# new crankset problems



## nufc (9 Aug 2009)

I damaged my Crankset an RPM unit with rivetted Crank wheels. I bought a Shimano Alivio unit to replace, however when Ive fitted it the crankset is out of alignment with the deraileur meaning i can only get low (smallest) gear. Due to the stops on the deraileur I cannot see a way of getting it to work. I can push the deraileur across with my fingers, but the most it will reach in the middle crank, but i cannot get the cable to do it.

The changer is a Sram gripshift, mind as i say its the deraileur that seems to limit the movement.

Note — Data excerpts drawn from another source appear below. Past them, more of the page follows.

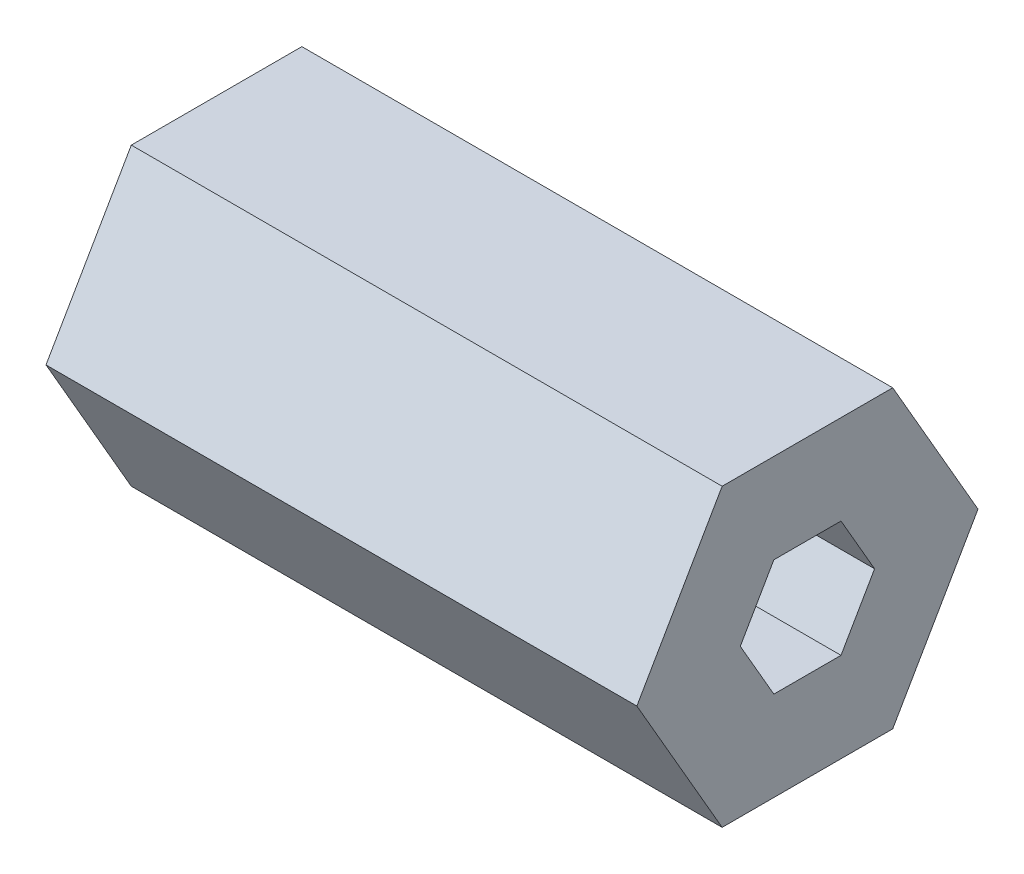
ISO-10303-21;
HEADER;
FILE_DESCRIPTION(('STEP AP214'),'2;1');
FILE_NAME('part.step','',(''),(''),'','','');
FILE_SCHEMA(('AUTOMOTIVE_DESIGN { 1 0 10303 214 1 1 1 1 }'));
ENDSEC;
DATA;
#1=APPLICATION_CONTEXT('core data for automotive mechanical design processes');
#2=APPLICATION_PROTOCOL_DEFINITION('international standard','automotive_design',2000,#1);
#3=PRODUCT_CONTEXT('',#1,'mechanical');
#4=PRODUCT('Part','Part','',(#3));
#5=PRODUCT_RELATED_PRODUCT_CATEGORY('part','',(#4));
#6=PRODUCT_DEFINITION_FORMATION('','',#4);
#7=PRODUCT_DEFINITION_CONTEXT('part definition',#1,'design');
#8=PRODUCT_DEFINITION('design','',#6,#7);
#9=PRODUCT_DEFINITION_SHAPE('','',#8);
#10=(LENGTH_UNIT() NAMED_UNIT(*) SI_UNIT(.MILLI.,.METRE.));
#11=(NAMED_UNIT(*) PLANE_ANGLE_UNIT() SI_UNIT($,.RADIAN.));
#12=(NAMED_UNIT(*) SI_UNIT($,.STERADIAN.) SOLID_ANGLE_UNIT());
#13=UNCERTAINTY_MEASURE_WITH_UNIT(LENGTH_MEASURE(1.E-05),#10,'distance_accuracy_value','');
#14=(GEOMETRIC_REPRESENTATION_CONTEXT(3) GLOBAL_UNCERTAINTY_ASSIGNED_CONTEXT((#13)) GLOBAL_UNIT_ASSIGNED_CONTEXT((#10,
#11,#12)) REPRESENTATION_CONTEXT('',''));
#15=CARTESIAN_POINT('',(0.,0.,0.));
#16=DIRECTION('',(0.,0.,1.));
#17=DIRECTION('',(1.,0.,0.));
#18=AXIS2_PLACEMENT_3D('',#15,#16,#17);
#19=CARTESIAN_POINT('',(12.7,0.,0.));
#20=DIRECTION('',(1.,0.,0.));
#21=DIRECTION('',(0.,0.,-1.));
#22=AXIS2_PLACEMENT_3D('',#19,#20,#21);
#23=PLANE('',#22);
#24=DIRECTION('',(0.,0.866025403784441,-0.499999999999995));
#25=VECTOR('',#24,1.);
#26=CARTESIAN_POINT('',(12.7,-6.34999999999996,-3.6661742093542));
#27=LINE('',#26,#25);
#28=CARTESIAN_POINT('',(12.7,-6.34999999999996,-3.6661742093542));
#29=VERTEX_POINT('',#28);
#30=CARTESIAN_POINT('',(12.7,0.,-7.33234841870825));
#31=VERTEX_POINT('',#30);
#32=EDGE_CURVE('E181',#29,#31,#27,.T.);
#33=ORIENTED_EDGE('',*,*,#32,.T.);
#34=DIRECTION('',(0.,0.866025403784438,0.500000000000001));
#35=VECTOR('',#34,1.);
#36=CARTESIAN_POINT('',(12.7,0.,-7.33234841870825));
#37=LINE('',#36,#35);
#38=CARTESIAN_POINT('',(12.7,6.35000000000001,-3.66617420935411));
#39=VERTEX_POINT('',#38);
#40=EDGE_CURVE('E184',#31,#39,#37,.T.);
#41=ORIENTED_EDGE('',*,*,#40,.T.);
#42=DIRECTION('',(0.,0.,1.));
#43=VECTOR('',#42,1.);
#44=CARTESIAN_POINT('',(12.7,6.35000000000001,-3.66617420935411));
#45=LINE('',#44,#43);
#46=CARTESIAN_POINT('',(12.7,6.34999999999999,3.66617420935416));
#47=VERTEX_POINT('',#46);
#48=EDGE_CURVE('E187',#39,#47,#45,.T.);
#49=ORIENTED_EDGE('',*,*,#48,.T.);
#50=DIRECTION('',(0.,-0.866025403784442,0.499999999999995));
#51=VECTOR('',#50,1.);
#52=CARTESIAN_POINT('',(12.7,6.34999999999999,3.66617420935416));
#53=LINE('',#52,#51);
#54=CARTESIAN_POINT('',(12.7,0.,7.33234841870825));
#55=VERTEX_POINT('',#54);
#56=EDGE_CURVE('E189',#47,#55,#53,.T.);
#57=ORIENTED_EDGE('',*,*,#56,.T.);
#58=DIRECTION('',(0.,-0.866025403784435,-0.500000000000007));
#59=VECTOR('',#58,1.);
#60=CARTESIAN_POINT('',(12.7,0.,7.33234841870825));
#61=LINE('',#60,#59);
#62=CARTESIAN_POINT('',(12.7,-6.35000000000004,3.66617420935407));
#63=VERTEX_POINT('',#62);
#64=EDGE_CURVE('E191',#55,#63,#61,.T.);
#65=ORIENTED_EDGE('',*,*,#64,.T.);
#66=DIRECTION('',(0.,0.,-1.));
#67=VECTOR('',#66,1.);
#68=CARTESIAN_POINT('',(12.7,-6.35000000000004,3.66617420935407));
#69=LINE('',#68,#67);
#70=EDGE_CURVE('E193',#63,#29,#69,.T.);
#71=ORIENTED_EDGE('',*,*,#70,.T.);
#72=EDGE_LOOP('',(#33,#41,#49,#57,#65,#71));
#73=FACE_BOUND('',#72,.T.);
#74=DIRECTION('',(0.,0.866025403784438,0.5));
#75=VECTOR('',#74,1.);
#76=CARTESIAN_POINT('',(12.7,0.,-2.88675134594813));
#77=LINE('',#76,#75);
#78=CARTESIAN_POINT('',(12.7,0.,-2.88675134594813));
#79=VERTEX_POINT('',#78);
#80=CARTESIAN_POINT('',(12.7,2.5,-1.44337567297406));
#81=VERTEX_POINT('',#80);
#82=EDGE_CURVE('E138',#79,#81,#77,.T.);
#83=ORIENTED_EDGE('',*,*,#82,.F.);
#84=DIRECTION('',(0.,0.866025403784439,-0.5));
#85=VECTOR('',#84,1.);
#86=CARTESIAN_POINT('',(12.7,-2.5,-1.44337567297407));
#87=LINE('',#86,#85);
#88=CARTESIAN_POINT('',(12.7,-2.5,-1.44337567297407));
#89=VERTEX_POINT('',#88);
#90=EDGE_CURVE('E130',#89,#79,#87,.T.);
#91=ORIENTED_EDGE('',*,*,#90,.F.);
#92=DIRECTION('',(0.,0.,-1.));
#93=VECTOR('',#92,1.);
#94=CARTESIAN_POINT('',(12.7,-2.5,1.44337567297406));
#95=LINE('',#94,#93);
#96=CARTESIAN_POINT('',(12.7,-2.5,1.44337567297406));
#97=VERTEX_POINT('',#96);
#98=EDGE_CURVE('E159',#97,#89,#95,.T.);
#99=ORIENTED_EDGE('',*,*,#98,.F.);
#100=DIRECTION('',(0.,-0.866025403784438,-0.5));
#101=VECTOR('',#100,1.);
#102=CARTESIAN_POINT('',(12.7,0.,2.88675134594813));
#103=LINE('',#102,#101);
#104=CARTESIAN_POINT('',(12.7,0.,2.88675134594813));
#105=VERTEX_POINT('',#104);
#106=EDGE_CURVE('E157',#105,#97,#103,.T.);
#107=ORIENTED_EDGE('',*,*,#106,.F.);
#108=DIRECTION('',(0.,-0.866025403784439,0.5));
#109=VECTOR('',#108,1.);
#110=CARTESIAN_POINT('',(12.7,2.5,1.44337567297406));
#111=LINE('',#110,#109);
#112=CARTESIAN_POINT('',(12.7,2.5,1.44337567297406));
#113=VERTEX_POINT('',#112);
#114=EDGE_CURVE('E153',#113,#105,#111,.T.);
#115=ORIENTED_EDGE('',*,*,#114,.F.);
#116=DIRECTION('',(0.,0.,1.));
#117=VECTOR('',#116,1.);
#118=CARTESIAN_POINT('',(12.7,2.5,-1.44337567297406));
#119=LINE('',#118,#117);
#120=EDGE_CURVE('E151',#81,#113,#119,.T.);
#121=ORIENTED_EDGE('',*,*,#120,.F.);
#122=EDGE_LOOP('',(#83,#91,#99,#107,#115,#121));
#123=FACE_BOUND('',#122,.T.);
#124=ADVANCED_FACE('F41',(#73,#123),#23,.T.);
#125=CARTESIAN_POINT('',(-12.7,0.,0.));
#126=DIRECTION('',(1.,0.,0.));
#127=DIRECTION('',(0.,0.,-1.));
#128=AXIS2_PLACEMENT_3D('',#125,#126,#127);
#129=PLANE('',#128);
#130=DIRECTION('',(0.,0.866025403784441,-0.499999999999995));
#131=VECTOR('',#130,1.);
#132=CARTESIAN_POINT('',(-12.7,-6.34999999999996,-3.6661742093542));
#133=LINE('',#132,#131);
#134=CARTESIAN_POINT('',(-12.7,-6.34999999999996,-3.6661742093542));
#135=VERTEX_POINT('',#134);
#136=CARTESIAN_POINT('',(-12.7,0.,-7.33234841870825));
#137=VERTEX_POINT('',#136);
#138=EDGE_CURVE('E146',#135,#137,#133,.T.);
#139=ORIENTED_EDGE('',*,*,#138,.F.);
#140=DIRECTION('',(0.,0.,-1.));
#141=VECTOR('',#140,1.);
#142=CARTESIAN_POINT('',(-12.7,-6.35000000000004,3.66617420935407));
#143=LINE('',#142,#141);
#144=CARTESIAN_POINT('',(-12.7,-6.35000000000004,3.66617420935407));
#145=VERTEX_POINT('',#144);
#146=EDGE_CURVE('E185',#145,#135,#143,.T.);
#147=ORIENTED_EDGE('',*,*,#146,.F.);
#148=DIRECTION('',(0.,-0.866025403784435,-0.500000000000007));
#149=VECTOR('',#148,1.);
#150=CARTESIAN_POINT('',(-12.7,0.,7.33234841870825));
#151=LINE('',#150,#149);
#152=CARTESIAN_POINT('',(-12.7,0.,7.33234841870825));
#153=VERTEX_POINT('',#152);
#154=EDGE_CURVE('E204',#153,#145,#151,.T.);
#155=ORIENTED_EDGE('',*,*,#154,.F.);
#156=DIRECTION('',(0.,-0.866025403784442,0.499999999999995));
#157=VECTOR('',#156,1.);
#158=CARTESIAN_POINT('',(-12.7,6.34999999999999,3.66617420935416));
#159=LINE('',#158,#157);
#160=CARTESIAN_POINT('',(-12.7,6.34999999999999,3.66617420935416));
#161=VERTEX_POINT('',#160);
#162=EDGE_CURVE('E202',#161,#153,#159,.T.);
#163=ORIENTED_EDGE('',*,*,#162,.F.);
#164=DIRECTION('',(0.,0.,1.));
#165=VECTOR('',#164,1.);
#166=CARTESIAN_POINT('',(-12.7,6.35000000000001,-3.66617420935411));
#167=LINE('',#166,#165);
#168=CARTESIAN_POINT('',(-12.7,6.35000000000001,-3.66617420935411));
#169=VERTEX_POINT('',#168);
#170=EDGE_CURVE('E200',#169,#161,#167,.T.);
#171=ORIENTED_EDGE('',*,*,#170,.F.);
#172=DIRECTION('',(0.,0.866025403784438,0.500000000000001));
#173=VECTOR('',#172,1.);
#174=CARTESIAN_POINT('',(-12.7,0.,-7.33234841870825));
#175=LINE('',#174,#173);
#176=EDGE_CURVE('E198',#137,#169,#175,.T.);
#177=ORIENTED_EDGE('',*,*,#176,.F.);
#178=EDGE_LOOP('',(#139,#147,#155,#163,#171,#177));
#179=FACE_BOUND('',#178,.T.);
#180=DIRECTION('',(0.,0.866025403784439,-0.5));
#181=VECTOR('',#180,1.);
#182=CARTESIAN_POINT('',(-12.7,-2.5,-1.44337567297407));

I thought the cranksets would be interchangeable and have the same offset, is this a daft mistake?? or is there someway of getting this to work?


----------



## MichaelM (9 Aug 2009)

A different chainset may require a bb of a different length (e.g the old lx required a 118mm bb). It could be that the bb you have is too long. 

According to this (if it's the same one) you need a 113mm.


----------



## peanut (9 Aug 2009)

Welcome to the forum Nufc you'll find lots of help here 


Have you put the axle in the right way round ? square taper axles usually are handed with one end being slightly longer than the other, unless its a cartridge BB in which case you can't put it the wrong way round.
measure from the centre of the BB to the end of the axle on the chainset side and let us have the measurement.

silly question I know but have you fully adjusted the front mech to maximum travel?


----------



## Mr Pig (9 Aug 2009)

Hi there and welcome :0)

Is the new chainring pulled fully onto the axle? Maybe you've just not tightened it enough.


----------



## nufc (10 Aug 2009)

Thnaks for the welcome guys

Michael, thanks for that, definitely a strong chance yor right...I didnt realise the axles had different lengths. Pity many places dont tell you that when buying replacement parts.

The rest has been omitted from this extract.